The decision, taken on Monday by foreign ministers, points the finger at VK Company and an associated firm for developing and managing Max App, which is state-backed and comes pre-installed on all phones and tablets sold in Russia.
Citing experts, Brussels argues that Max App has “extensive surveillance features” that Russian authorities use to track online communications, gather data, monitor address books, identify user location and install autonomous updates.
The imposition of Max App has helped the state crack down on competitors, such as WhatsApp, Instagram and Telegram, and on VPNs, the private networks that Russians employ to bypass increasingly stringent state restrictions on the Internet.
“VK has cooperated with Russian authorities in their repressive actions, including by providing them with data concerning users of its services who posted content criticising Russia’s war of aggression against Ukraine, or other content banned by the authorities,” the legal text says.
“VK has also participated in the government-ordered ban on the use of VPNs, through which Russian internet users could previously access independent content.”

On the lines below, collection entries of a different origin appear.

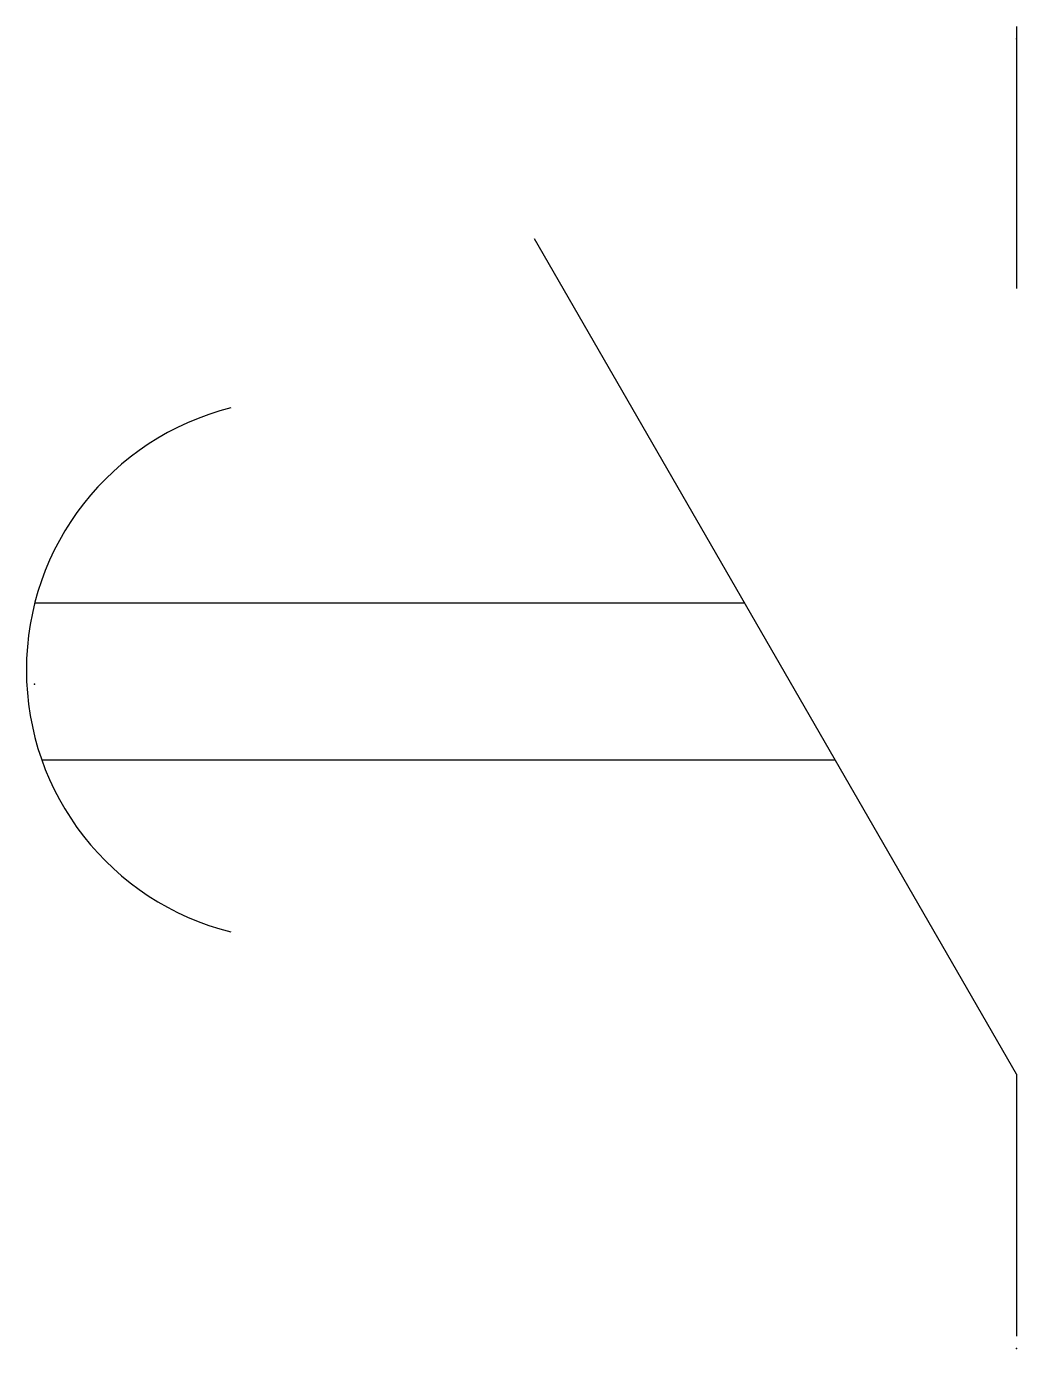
# Model space of a CAD drawing. Header units: millimetres. Extents: x -7.6 to 0, y -5 to 5.1.
import ezdxf

# ---------------------------------------------------------------- set-up
doc = ezdxf.new("R2010")
doc.units = ezdxf.units.MM
doc.layers.add('A', color=7, linetype='Continuous')
doc.layers.add('C', color=6, linetype='Continuous')

msp = doc.modelspace()

# ---------------------------------------------------------------- linework, layer by layer
at = {"transparency": 33554687}
for p, q in [((0, 5.094), (0, 3.094)), ((0, -2.906), (-3.682, 3.472)), ((-7.497, 0.694), (-2.078, 0.694)), ((-7.444, -0.506), (-1.386, -0.506)), ((0, -2.906), (0, -4.906))]:
    msp.add_line(p, q, dxfattribs=at)
at = {"linetype": 'Continuous', "transparency": 33554687}
msp.add_arc((-5.5, 0.181), 2.062, 104.0362, 255.9638, dxfattribs=at)
at = {"layer": 'A', "color": 1, "linetype": 'Continuous', "transparency": 33554687}
msp.add_point((-7.5, 0.072), dxfattribs=at)
at = {"layer": 'C', "color": 2, "linetype": 'Continuous', "transparency": 33554687}
msp.add_point((0, 5), dxfattribs=at)
at = {"layer": 'C', "color": 1, "linetype": 'Continuous', "transparency": 33554687}
msp.add_point((0, -5), dxfattribs=at)

doc.saveas('drawing.dxf')

Monday’s decision introduces an asset freeze and prohibits EU companies from making funds available to VK Company. In a statement to Russian state-owned media outlet TASS, the firm said that its applications and services remained “available to users as normal”.
Besides VK Company, the EU also sanctioned Citadel, VAS Experts and Norsi-Trans, three companies that provide hardware and software for the so-called System of Operative Investigative Measures that Russian authorities use to track online communication and target journalists, opposition figures, minority groups and ordinary citizens.
The restrictions were adopted under a special regime dedicated to punishing human rights violations.
Separately, the EU sanctionednine individuals and four entities accused of carrying out “malicious” cyber attacks against several member states.